There was also FlashDevelop and later HaxeDevelop as IDEs (.NET based) that integrated the corresponding tooling. Both seem currently unmaintained. If you are on windows you might still be able to run the old builds. Otherwise for non flash based projects the vscode haxe extension is quite good, but might need a bit more manual build scripts for the flash stuff compared to prime time of FlashDevelop.

hofrogs•5mo ago
Well I don't exactly want flash as a platform, I just want a similar vector animation experience, raster graphics are not that
nosioptar•5mo ago
I think Synfig might work in that case.
hofrogs•5mo ago
Thanks, I'll check it out. Looking at the website, it looks promising
praptak•5mo ago
Flash is proprietary(#), so nobody bothered. When I contributed to Ruffle I think buying a second hand Adobe Flash Professional CS 6 was the recommended way. Also some subscriptions that you can buy from Adobe cover producing Flash format.

(#)Some exclusions exist which made Ruffle possible (for example https://github.com/adobe/avmplus is open sourced) but it's not like everything is fully open.

nosioptar•5mo ago
mxlmc in the Apache Flex Compilers will do both. I used it before adobe gave it to apache for flash games/apps. It worked just fine.

It's also possible to do animations that way, but it'd be better to use something geared toward animation. Tupitube (formerly ktoon) supports swf, I think.
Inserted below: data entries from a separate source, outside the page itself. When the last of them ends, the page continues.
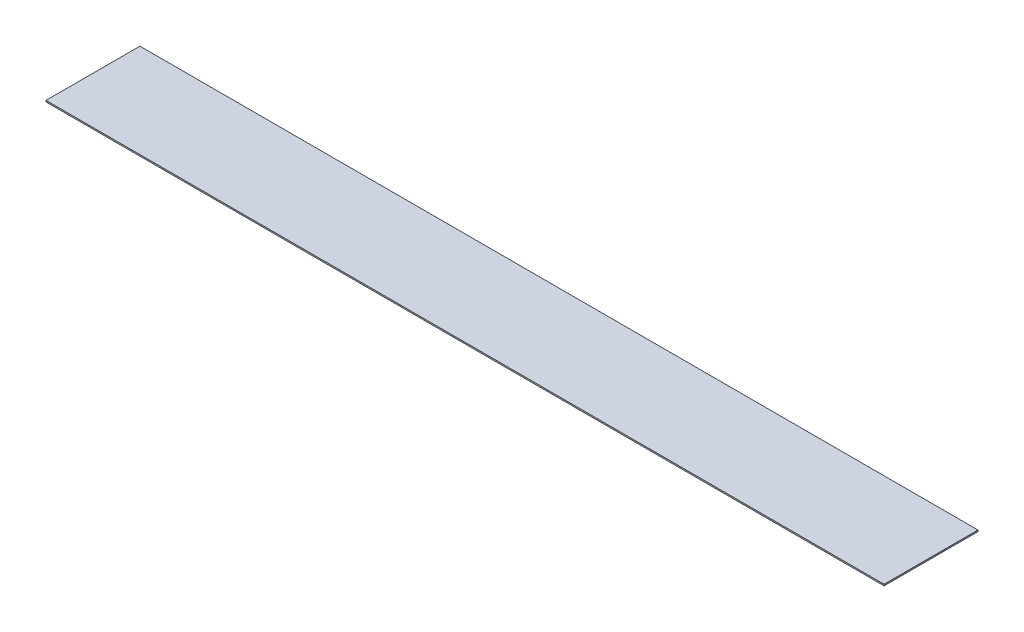
SolidWorks part; units mm, degrees
ref_plane "Front Plane" through (0, 0, 0) normal (0, 0, 1) x (1, 0, 0)
ref_plane "Top Plane" through (0, 0, 0) normal (0, 1, 0) x (1, 0, 0)
ref_plane "Right Plane" through (0, 0, 0) normal (1, 0, 0) x (0, 0, -1)
sketch "Sketch1" plane through (0, 0, 0) normal (0, 1, 0) x (1, 0, 0)
  line L1 (0, 0) -> (1785, 0)
  line L2 (0, 0) -> (0, 200)
  line L3 (0, 200) -> (1785, 200)
  line L4 (1785, 0) -> (1785, 200)
  dimension "D1" = 1785
  dimension "D2" = 200
extrude "Boss-Extrude1" add sketch "Sketch1" along normal blind 3
equation "\"boxWidth\"=1930.0"
equation "\"D1@Sketch1\"=\"boxWidth\"-70-70-5"
equation "\"start\"=700.0"
equation "\"CarBeamWidth\"=700.0"
equation "\"WheelWidth\"=650.0"
equation "\"Wheel_FrontBoxDistance\"=1390.0"
equation "\"boxLength\"=5100.0"
equation "\"MetalSheet_3mm_length\"=5030.0"
equation "\"MetalSheet_3mm_width\"=1923.0"
equation "\"MetalSheet_3mm_FloorCut_L_length\"=1764.0"
equation "\"MetalSheet_3mm_FloorCut_L_disdance\"=1665.0"
equation "\"MetalSheet_3mm_FloorCut_R_length\"=1764.0"
equation "\"MetalSheet_3mm_FloorCut_R_disdance\"=1665.0"
equation "\"indoorHeight\"=1940.0"
equation "\"indoorHeight_para\"=25.0"
equation "\"rearLightHeight_para\"=265.0"
equation "\"doorColumnBar_A_FR_3mm_length_Cut\"=2310.0"
equation "\"A\"=0.0"
equation "\"haveDoor_R\"=1"
equation "\"side_door_bottom_R_3mm_length\"=1934.0"
equation "\"side_door_bottom_R_3mm_toFrontDistance\"=1583.0"
equation "\"1Bar_Side_RF_3mm_length\"=1493.0"
equation "\"1Bar_Side_RB_3mm_length\"=1493.0"
equation "\"DoorSeparator_RF_3mm_withHinge_toFrontDistance\"=1673.0"
equation "\"DoorSeparator_RF_3mm_withHinge_exist\"=1"
equation "\"DoorSeparator_RB_3mm_withHinge_toFrontDistance\"=3427.0"
equation "\"DoorSeparator_RB_3mm_withHinge_exist\"=1"
equation "\"Door_R1_L_open_Single_toFrontDistance\"=2547.5"
equation "\"Door_R1_L_open_Single_exist\"=1"
equation "\"door_base_long7_R1_L_open_Single_height\"=1890.0"
equation "\"door_base_short7_R1_L_open_Single_height\"=1890.0"
equation "\"door_base_short7_R1_L_open_Single_width\"=864"
equation "\"Door_R1_R_open_Single_toFrontDistance\"=3422.0"
equation "\"Door_R1_R_open_Single_exist\"=1"
equation "\"door_base_long7_R1_R_open_Single_height\"=1890.0"
equation "\"door_base_short7_R1_R_open_Single_height\"=1890.0"
equation "\"door_base_short7_R1_R_open_Single_width\"=864"
equation "\"x\"=66.0"
equation "\"door_base_double_BL_height\"=1890.0"
equation "\"door_base_short7_BL_Single_height\"=1890.0"
equation "\"door_base_short7_BL_Single_width\"=864"
equation "\"door_base_long7_BR_Single_height\"=1890.0"
equation "\"door_base_short7_BR_Single_height\"=1890.0"
equation "\"door_base_short7_BR_Single_width\"=864"
equation "\"da\"=62.0"
equation "\"SquareTube_length\"=1923.0"
equation "\"channelSteel_length\"=5030.0"
equation "\"SquareTube_inFront_AvgDistance\"=285.0"
equation "\"SquareTube_inFront_TotalCount\"=5"
equation "\"SquareTube_inFront1_cutDepth50_R\"=0.5"
equation "\"SquareTube_inFront1_cutDepth50_L\"=0.5"
equation "\"SquareTube_inFront2_cutDepth50_R\"=0.5"
equation "\"SquareTube_inFront2_cutDepth50_L\"=0.5"
equation "\"SquareTube_inFront3_cutDepth50_R\"=0.5"
equation "\"SquareTube_inFront3_cutDepth50_L\"=0.5"
equation "\"SquareTube_inFront4_cutDepth50_R\"=0.5"
equation "\"SquareTube_inFront4_cutDepth50_L\"=0.5"
equation "\"SquareTube_inFront5_cutDepth50_R\"=50"
equation "\"SquareTube_inFront5_cutDepth50_L\"=50"
equation "\"SquareTube_inFront6_cutDepth50_R\"=50"
equation "\"SquareTube_inFront6_cutDepth50_L\"=50"
equation "\"SquareTube_inFront7_cutDepth50_R\"=50"
equation "\"SquareTube_inFront7_cutDepth50_L\"=50"
equation "\"SquareTube_inFront8_cutDepth50_R\"=50"
equation "\"SquareTube_inFront8_cutDepth50_L\"=50"
equation "\"SquareTube_inFront9_cutDepth50_R\"=50"
equation "\"SquareTube_inFront9_cutDepth50_L\"=50"
equation "\"SquareTube_inFront10_cutDepth50_R\"=50"
equation "\"SquareTube_inFront10_cutDepth50_L\"=50"
equation "\"SquareTube_inFront11_cutDepth50_R\"=50"
equation "\"SquareTube_inFront11_cutDepth50_L\"=50"
equation "\"SquareTube_inFront12_cutDepth50_R\"=50"
equation "\"SquareTube_inFront12_cutDepth50_L\"=50"
equation "\"SquareTube_inFront13_cutDepth50_R\"=50"
equation "\"SquareTube_inFront13_cutDepth50_L\"=50"
equation "\"SquareTube_inFront14_cutDepth50_R\"=50"
equation "\"SquareTube_inFront14_cutDepth50_L\"=50"
equation "\"SquareTube_inBack_AvgDistance\"=333.125"
equation "\"SquareTube_inBack_TotalCount\"=9"
equation "\"SquareTube_inBack1_cutDepth50_R\"=50"
equation "\"SquareTube_inBack1_cutDepth50_L\"=50"
equation "\"SquareTube_inBack2_cutDepth50_R\"=50"
equation "\"SquareTube_inBack2_cutDepth50_L\"=50"
equation "\"SquareTube_inBack3_cutDepth50_R\"=50"
equation "\"SquareTube_inBack3_cutDepth50_L\"=50"
equation "\"SquareTube_inBack4_cutDepth50_R\"=50"
equation "\"SquareTube_inBack4_cutDepth50_L\"=50"
equation "\"SquareTube_inBack5_cutDepth50_R\"=50"
equation "\"SquareTube_inBack5_cutDepth50_L\"=50"
equation "\"SquareTube_inBack6_cutDepth50_R\"=0.5"
equation "\"SquareTube_inBack6_cutDepth50_L\"=0.5"
equation "\"SquareTube_inBack7_cutDepth50_R\"=0.5"
equation "\"SquareTube_inBack7_cutDepth50_L\"=0.5"
equation "\"SquareTube_inBack8_cutDepth50_R\"=0.5"
equation "\"SquareTube_inBack8_cutDepth50_L\"=0.5"
equation "\"doorColumnBar_A_FL_3mm_length_Cut\"=2310.0"
equation "\"B\"=0.0"
equation "\"haveDoor_L\"=1"
equation "\"side_door_bottom_L_3mm_length\"=1934.0"
equation "\"side_door_bottom_L_3mm_toFrontDistance\"=1583.0"
equation "\"1Bar_Side_LF_3mm_length\"=1493.0"
equation "\"1Bar_Side_LB_3mm_length\"=1493.0"
equation "\"DoorSeparator_LF_3mm_withHinge_toFrontDistance\"=1673.0"
equation "\"DoorSeparator_LF_3mm_withHinge_exist\"=1"
equation "\"DoorSeparator_LB_3mm_withHinge_toFrontDistance\"=3427.0"
equation "\"DoorSeparator_LB_3mm_withHinge_exist\"=1"
equation "\"Door_L1_L_open_Single_toFrontDistance\"=3422.0"
equation "\"Door_L1_L_open_Single_exist\"=1"
equation "\"door_base_long7_L1_L_open_Single_height\"=1890.0"
equation "\"door_base_short7_L1_L_open_Single_height\"=1890.0"
equation "\"door_base_short7_L1_L_open_Single_width\"=864"
equation "\"Door_L1_R_open_Single_toFrontDistance\"=2547.5"
equation "\"Door_L1_R_open_Single_exist\"=1"
equation "\"door_base_long7_L1_R_open_Single_height\"=1890.0"
equation "\"door_base_short7_L1_R_open_Single_height\"=1890.0"
equation "\"door_base_short7_L1_R_open_Single_width\"=864"

But, it looks dead.

https://svn.apache.org/repos/asf/flex/site/branches/flexdoc/...

patates•5mo ago
I remember looking at the source of some fla files and scratching my head trying to understand the actionscript. The cool shit people could do really motivated me to become a programmer. If anyone involved in making this possible is reading this, I love you for your amazing work, thank you!
bradhe•5mo ago
Honestly why hasn't there been a flash-like competitor or alternative that has filled the gap of creatives being able to quickly produce content and distribute it easily on the internet? I think the HTML5 folks envisioned <audio/> and <canvas/> being all you need for interactive stuff, but that hasn't really come to fruition. For animated content, is it perhaps YouTube that took over?
klondike_klive•5mo ago
I think kids just jumped onto Unreal, Unity and Blender instead of bothering with 2d.
user____name•5mo ago
I'm always amused by this question.

There is, it's called Adobe Animate, its what they rebranded Flash as, it's literally the same thing. It exports straight to Canvas and WebGL using the create.js libraries. [0]

Basically the online advertising space had a collective heart attack when Flash was suddenly deprecated because they used Flash for all their banner animations. Adobe tried to replace Flash with Edge [1], which was one of the slowest and buggiest program I ever used. It didn't last long.